Constellation de microrégions aux identités fortes et peu perméables, le canton de Berne souffre de l'archaïsme de ses structures: 26 districts et autant de clochers. «Toute tendance à la centralisation est difficilement perçue et on se montre méfiant envers les villes», explique le politologue Hans Hirter.

C'est dans cet environnement a priori hostile que le gouvernement lance d'importantes réformes: le Grand Conseil l'a appuyé en ramenant les tâches administratives décentralisées à cinq circonscriptions. Le Conseil d'Etat propose désormais de découper les 5959 km2 du territoire cantonal, habité par 950 000 habitants, en six régions, recoupant les actuelles conférences régionales des transports, articulées autour de pôles urbains (Berne, Thoune, Interlaken, Berthoud, Langenthal et Bienne), et présentant d'évidents intérêts communs.

A la tête de chaque région, une Conférence régionale, au sein de laquelle siégeront les maires de la région, avec pondération de leur voix en fonction du poids démographique de leurs communes. Berne délègue trois compétences: l'organisation des transports, la politique d'urbanisation, le subventionnement culturel. L'objectif consiste à accroître la fonctionnalité des agglomérations et des régions rurales, «les stratégies de transports ne s'arrêtant pas aux portes des agglomérations», relève la conseillère d'Etat Barbara Egger-Jenzer. Les conférences régionales remplaceraient la multitude d'organes de coopération intercommunale. L'action des conférences pourra être élargie à la coordination des équipements sportifs ou à la promotion économique.

Les maires des 400 communes bernoises deviendront ainsi autant de moteurs du développement des agglomérations et des régions. «Ils le feront, forts d'une légitimation démocratique solide, explique le ministre Werner Luginbühl. Les conseils communaux pourront leur imposer des consignes de vote, en fonction des objets traités. La conférence régionale ne siégera que deux à quatre fois par année, afin de prendre des décisions de portée stratégique, qui seront ensuite contraignantes.» Le canton et le Grand Conseil gardent toutefois leurs prérogatives.

Verdict populaire

Berne ajoute une mesure de démocratie à son modèle: la constitution d'une conférence régionale sera soumise au verdict populaire. A l'exception des planifications de transports, les décisions de la conférence seront soumises au référendum facultatif.

L'agglomération bernoise et ses 99 communes ont pris les devants. Le processus progresse à satisfaction. Le projet bernois suscite l'intérêt de la conférence tripartite sur les agglomérations, qui réunit la Confédération, les cantons et les villes.

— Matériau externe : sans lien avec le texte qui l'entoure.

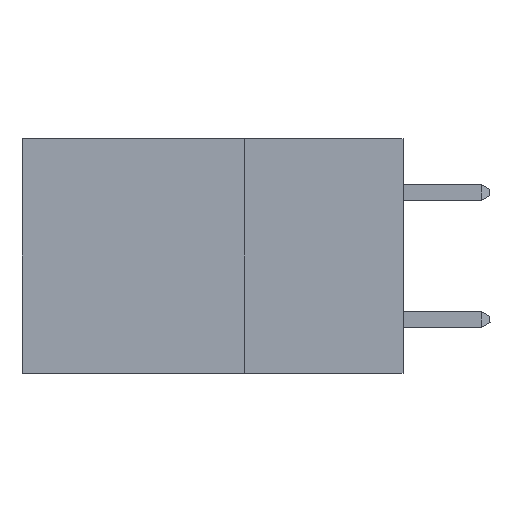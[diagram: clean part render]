
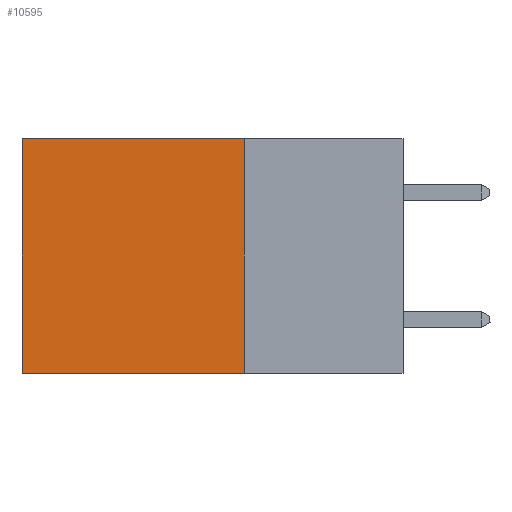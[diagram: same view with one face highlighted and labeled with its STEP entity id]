
A CAD part, left-side view. The second image highlights one B-rep face of the part: STEP entity #10595.
In plain terms, the highlighted planar face has unit normal (-1, 0, 0).
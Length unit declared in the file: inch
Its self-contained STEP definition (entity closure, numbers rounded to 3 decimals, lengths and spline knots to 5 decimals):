
#1199 = CARTESIAN_POINT ( 'NONE',  ( 0.2875, 0.25, 0. ) ) ;
#1282 = VERTEX_POINT ( 'NONE', #12550 ) ;
#2613 = PLANE ( 'NONE',  #8309 ) ;
#3874 = VERTEX_POINT ( 'NONE', #19327 ) ;
#4051 = FACE_OUTER_BOUND ( 'NONE', #13730, .T. ) ;
#4212 = CARTESIAN_POINT ( 'NONE',  ( 0.2875, 0.25, -0.37 ) ) ;
#4813 = DIRECTION ( 'NONE',  ( 0., 1., 0. ) ) ;
#5311 = VECTOR ( 'NONE', #12796, 39.37008 ) ;
#5449 = VECTOR ( 'NONE', #12547, 39.37008 ) ;
#5886 = LINE ( 'NONE', #4212, #18609 ) ;
#7151 = LINE ( 'NONE', #14182, #12418 ) ;
#8126 = EDGE_CURVE ( 'NONE', #1282, #3874, #5886, .T. ) ;
#8182 = LINE ( 'NONE', #19110, #5311 ) ;
#8309 = AXIS2_PLACEMENT_3D ( 'NONE', #1199, #16597, #18190 ) ;
#8425 = CARTESIAN_POINT ( 'NONE',  ( 0.2875, 0.25, 0. ) ) ;
#8924 = ORIENTED_EDGE ( 'NONE', *, *, #8126, .F. ) ;
#9553 = CARTESIAN_POINT ( 'NONE',  ( 0.2875, 0.25, 0. ) ) ;
#10595 = ADVANCED_FACE ( 'NONE', ( #4051 ), #2613, .F. ) ;
#11661 = EDGE_CURVE ( 'NONE', #19865, #19684, #7151, .T. ) ;
#12356 = EDGE_CURVE ( 'NONE', #19865, #1282, #17674, .T. ) ;
#12418 = VECTOR ( 'NONE', #4813, 39.37008 ) ;
#12547 = DIRECTION ( 'NONE',  ( 0., 0., -1. ) ) ;
#12550 = CARTESIAN_POINT ( 'NONE',  ( 0.2875, 0.25, -0.37 ) ) ;
#12796 = DIRECTION ( 'NONE',  ( 0., 0., -1. ) ) ;
#13730 = EDGE_LOOP ( 'NONE', ( #17241, #8924, #15760, #19336 ) ) ;
#14182 = CARTESIAN_POINT ( 'NONE',  ( 0.2875, 0.25, 0. ) ) ;
#15078 = DIRECTION ( 'NONE',  ( 0., 1., 0. ) ) ;
#15760 = ORIENTED_EDGE ( 'NONE', *, *, #12356, .F. ) ;
#16165 = CARTESIAN_POINT ( 'NONE',  ( 0.2875, 0.6, 0. ) ) ;
#16597 = DIRECTION ( 'NONE',  ( 1., 0., 0. ) ) ;
#17241 = ORIENTED_EDGE ( 'NONE', *, *, #18697, .T. ) ;
#17674 = LINE ( 'NONE', #9553, #5449 ) ;
#18190 = DIRECTION ( 'NONE',  ( 0., 0., -1. ) ) ;
#18609 = VECTOR ( 'NONE', #15078, 39.37008 ) ;
#18697 = EDGE_CURVE ( 'NONE', #19684, #3874, #8182, .T. ) ;
#19110 = CARTESIAN_POINT ( 'NONE',  ( 0.2875, 0.6, 0. ) ) ;
#19327 = CARTESIAN_POINT ( 'NONE',  ( 0.2875, 0.6, -0.37 ) ) ;
#19336 = ORIENTED_EDGE ( 'NONE', *, *, #11661, .T. ) ;
#19684 = VERTEX_POINT ( 'NONE', #16165 ) ;
#19865 = VERTEX_POINT ( 'NONE', #8425 ) ;
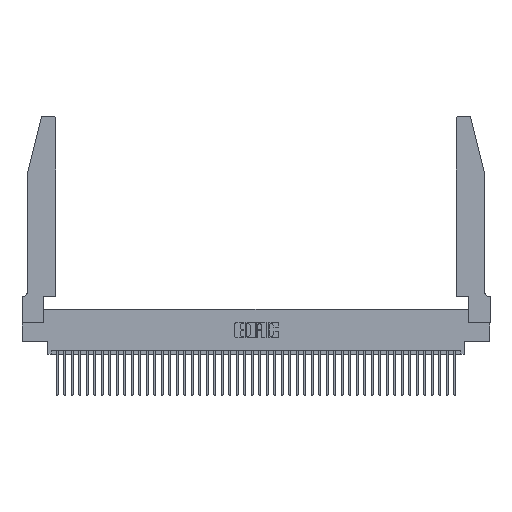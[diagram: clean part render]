
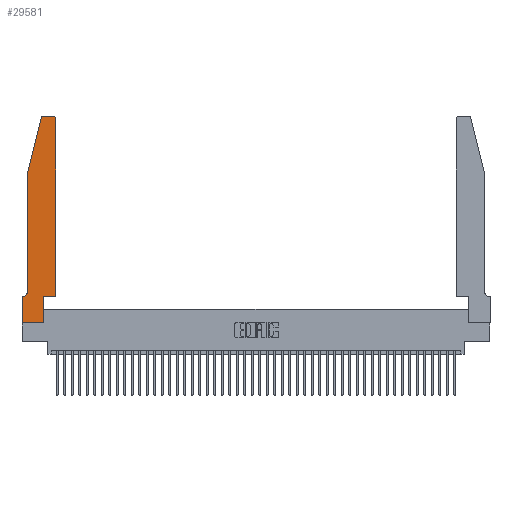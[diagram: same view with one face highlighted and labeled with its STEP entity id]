
A CAD part, top view. The second image highlights one B-rep face of the part: STEP entity #29581.
In plain terms, the highlighted planar face has unit normal (0, 0, 1).
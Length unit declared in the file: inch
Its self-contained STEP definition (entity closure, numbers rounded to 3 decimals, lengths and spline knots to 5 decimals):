
#632 = CIRCLE ( 'NONE', #12883, 0.03 ) ;
#756 = VERTEX_POINT ( 'NONE', #7276 ) ;
#1400 = VECTOR ( 'NONE', #17553, 39.37008 ) ;
#2424 = EDGE_CURVE ( 'NONE', #17573, #18030, #18795, .T. ) ;
#2737 = DIRECTION ( 'NONE',  ( 0., 0., 1. ) ) ;
#4733 = FACE_OUTER_BOUND ( 'NONE', #19199, .T. ) ;
#5211 = CARTESIAN_POINT ( 'NONE',  ( 0.0755, 2., 0.37 ) ) ;
#6059 = ORIENTED_EDGE ( 'NONE', *, *, #33974, .T. ) ;
#6225 = CARTESIAN_POINT ( 'NONE',  ( 0., 0., 0.37 ) ) ;
#6476 = CARTESIAN_POINT ( 'NONE',  ( 0.4205, 2.72, 0.37 ) ) ;
#6689 = CARTESIAN_POINT ( 'NONE',  ( 0.2605, 2.75, 0.37 ) ) ;
#7093 = LINE ( 'NONE', #37681, #27072 ) ;
#7183 = CARTESIAN_POINT ( 'NONE',  ( 0.4505, 2.72, 0.37 ) ) ;
#7276 = CARTESIAN_POINT ( 'NONE',  ( 0.4505, 0.35, 0.37 ) ) ;
#7748 = VECTOR ( 'NONE', #7822, 39.37008 ) ;
#7822 = DIRECTION ( 'NONE',  ( -1., 0., 0. ) ) ;
#9315 = VECTOR ( 'NONE', #38347, 39.37008 ) ;
#9648 = CARTESIAN_POINT ( 'NONE',  ( 0.4505, 0.35, 0.37 ) ) ;
#9814 = LINE ( 'NONE', #6225, #27474 ) ;
#9928 = DIRECTION ( 'NONE',  ( 1., 0., 0. ) ) ;
#10140 = PLANE ( 'NONE',  #15212 ) ;
#10182 = DIRECTION ( 'NONE',  ( 1., 0., 0. ) ) ;
#10735 = VERTEX_POINT ( 'NONE', #20970 ) ;
#11659 = ORIENTED_EDGE ( 'NONE', *, *, #17994, .T. ) ;
#11688 = EDGE_CURVE ( 'NONE', #20691, #17659, #40827, .T. ) ;
#11762 = VERTEX_POINT ( 'NONE', #33200 ) ;
#12275 = DIRECTION ( 'NONE',  ( 0., 0., -1. ) ) ;
#12789 = VECTOR ( 'NONE', #33472, 39.37008 ) ;
#12883 = AXIS2_PLACEMENT_3D ( 'NONE', #6476, #31213, #10182 ) ;
#13280 = DIRECTION ( 'NONE',  ( 1., 0., 0. ) ) ;
#13307 = DIRECTION ( 'NONE',  ( 0., 1., 0. ) ) ;
#13351 = CIRCLE ( 'NONE', #27194, 0.07 ) ;
#13438 = VERTEX_POINT ( 'NONE', #35845 ) ;
#13575 = ORIENTED_EDGE ( 'NONE', *, *, #15274, .T. ) ;
#13743 = DIRECTION ( 'NONE',  ( 0., 0., 1. ) ) ;
#14124 = VERTEX_POINT ( 'NONE', #18170 ) ;
#14142 = VECTOR ( 'NONE', #42877, 39.37008 ) ;
#15212 = AXIS2_PLACEMENT_3D ( 'NONE', #37978, #13743, #38127 ) ;
#15274 = EDGE_CURVE ( 'NONE', #11762, #756, #28362, .T. ) ;
#15538 = ORIENTED_EDGE ( 'NONE', *, *, #34542, .T. ) ;
#17267 = ORIENTED_EDGE ( 'NONE', *, *, #28717, .T. ) ;
#17553 = DIRECTION ( 'NONE',  ( 0., 1., 0. ) ) ;
#17573 = VERTEX_POINT ( 'NONE', #25238 ) ;
#17659 = VERTEX_POINT ( 'NONE', #25698 ) ;
#17994 = EDGE_CURVE ( 'NONE', #756, #28454, #19459, .T. ) ;
#18030 = VERTEX_POINT ( 'NONE', #31559 ) ;
#18170 = CARTESIAN_POINT ( 'NONE',  ( 0.0055, 0.35, 0.37 ) ) ;
#18393 = LINE ( 'NONE', #42739, #7748 ) ;
#18795 = LINE ( 'NONE', #6689, #9315 ) ;
#19103 = CIRCLE ( 'NONE', #34662, 0.03 ) ;
#19199 = EDGE_LOOP ( 'NONE', ( #29333, #21868, #35275, #15538, #17267, #6059, #20902, #35324, #42325, #13575, #11659, #41986 ) ) ;
#19459 = LINE ( 'NONE', #41843, #1400 ) ;
#20053 = EDGE_CURVE ( 'NONE', #28454, #17573, #632, .T. ) ;
#20691 = VERTEX_POINT ( 'NONE', #41147 ) ;
#20902 = ORIENTED_EDGE ( 'NONE', *, *, #11688, .T. ) ;
#20970 = CARTESIAN_POINT ( 'NONE',  ( 0.0755, 2., 0.37 ) ) ;
#21868 = ORIENTED_EDGE ( 'NONE', *, *, #26605, .T. ) ;
#22148 = CARTESIAN_POINT ( 'NONE',  ( 0., 0., 0.37 ) ) ;
#24204 = CARTESIAN_POINT ( 'NONE',  ( 0.284, 2.72, 0.37 ) ) ;
#25238 = CARTESIAN_POINT ( 'NONE',  ( 0.4205, 2.75, 0.37 ) ) ;
#25698 = CARTESIAN_POINT ( 'NONE',  ( 0., 0., 0.37 ) ) ;
#26112 = VERTEX_POINT ( 'NONE', #30313 ) ;
#26605 = EDGE_CURVE ( 'NONE', #18030, #36494, #19103, .T. ) ;
#27072 = VECTOR ( 'NONE', #13307, 39.37008 ) ;
#27194 = AXIS2_PLACEMENT_3D ( 'NONE', #33224, #12275, #36690 ) ;
#27474 = VECTOR ( 'NONE', #9928, 39.37008 ) ;
#27687 = DIRECTION ( 'NONE',  ( 1., 0., 0. ) ) ;
#28362 = LINE ( 'NONE', #9648, #45678 ) ;
#28454 = VERTEX_POINT ( 'NONE', #7183 ) ;
#28717 = EDGE_CURVE ( 'NONE', #13438, #14124, #13351, .T. ) ;
#29333 = ORIENTED_EDGE ( 'NONE', *, *, #2424, .T. ) ;
#29581 = ADVANCED_FACE ( 'NONE', ( #4733 ), #10140, .T. ) ;
#30033 = CARTESIAN_POINT ( 'NONE',  ( 0.25487, 2.72718, 0.37 ) ) ;
#30185 = EDGE_CURVE ( 'NONE', #17659, #26112, #9814, .T. ) ;
#30313 = CARTESIAN_POINT ( 'NONE',  ( 0.2865, 0., 0.37 ) ) ;
#31213 = DIRECTION ( 'NONE',  ( 0., 0., 1. ) ) ;
#31559 = CARTESIAN_POINT ( 'NONE',  ( 0.284, 2.75, 0.37 ) ) ;
#33200 = CARTESIAN_POINT ( 'NONE',  ( 0.2865, 0.35, 0.37 ) ) ;
#33224 = CARTESIAN_POINT ( 'NONE',  ( 0.0055, 0.42, 0.37 ) ) ;
#33472 = DIRECTION ( 'NONE',  ( 0., -1., 0. ) ) ;
#33614 = EDGE_CURVE ( 'NONE', #36494, #10735, #44434, .T. ) ;
#33662 = VECTOR ( 'NONE', #33990, 39.37008 ) ;
#33974 = EDGE_CURVE ( 'NONE', #14124, #20691, #18393, .T. ) ;
#33990 = DIRECTION ( 'NONE',  ( -0.239, -0.971, 0. ) ) ;
#34542 = EDGE_CURVE ( 'NONE', #10735, #13438, #41692, .T. ) ;
#34662 = AXIS2_PLACEMENT_3D ( 'NONE', #24204, #2737, #27687 ) ;
#34727 = EDGE_CURVE ( 'NONE', #26112, #11762, #7093, .T. ) ;
#35275 = ORIENTED_EDGE ( 'NONE', *, *, #33614, .T. ) ;
#35324 = ORIENTED_EDGE ( 'NONE', *, *, #30185, .T. ) ;
#35845 = CARTESIAN_POINT ( 'NONE',  ( 0.0755, 0.42, 0.37 ) ) ;
#36494 = VERTEX_POINT ( 'NONE', #30033 ) ;
#36690 = DIRECTION ( 'NONE',  ( -1., 0., 0. ) ) ;
#37468 = CARTESIAN_POINT ( 'NONE',  ( 0.0755, 2., 0.37 ) ) ;
#37681 = CARTESIAN_POINT ( 'NONE',  ( 0.2865, 0.35, 0.37 ) ) ;
#37978 = CARTESIAN_POINT ( 'NONE',  ( 0., 0.35, 0.37 ) ) ;
#38127 = DIRECTION ( 'NONE',  ( 1., 0., 0. ) ) ;
#38347 = DIRECTION ( 'NONE',  ( -1., 0., 0. ) ) ;
#40827 = LINE ( 'NONE', #22148, #14142 ) ;
#41147 = CARTESIAN_POINT ( 'NONE',  ( 0., 0.35, 0.37 ) ) ;
#41692 = LINE ( 'NONE', #5211, #12789 ) ;
#41843 = CARTESIAN_POINT ( 'NONE',  ( 0.4505, 0.35, 0.37 ) ) ;
#41986 = ORIENTED_EDGE ( 'NONE', *, *, #20053, .T. ) ;
#42325 = ORIENTED_EDGE ( 'NONE', *, *, #34727, .T. ) ;
#42739 = CARTESIAN_POINT ( 'NONE',  ( 0.0755, 0.35, 0.37 ) ) ;
#42877 = DIRECTION ( 'NONE',  ( 0., -1., 0. ) ) ;
#44434 = LINE ( 'NONE', #37468, #33662 ) ;
#45678 = VECTOR ( 'NONE', #13280, 39.37008 ) ;

Berne estime que son modèle, qui mêle volontarisme, efficace et flexibilité, a plus de chances d'aboutir que le «modèle du Grand Fribourg», jugé trop lourd, ou les fusions de communes suburbaines avec les centres, délicates psychologiquement et complexes sur les questions financières. La réforme n'en est qu'à ses balbutiements: une consultation donnera le ton. Suivra un processus de modifications constitutionnelles et votation populaire. Les premières conférences régionales ne seront pas opérationnelles avant 2008.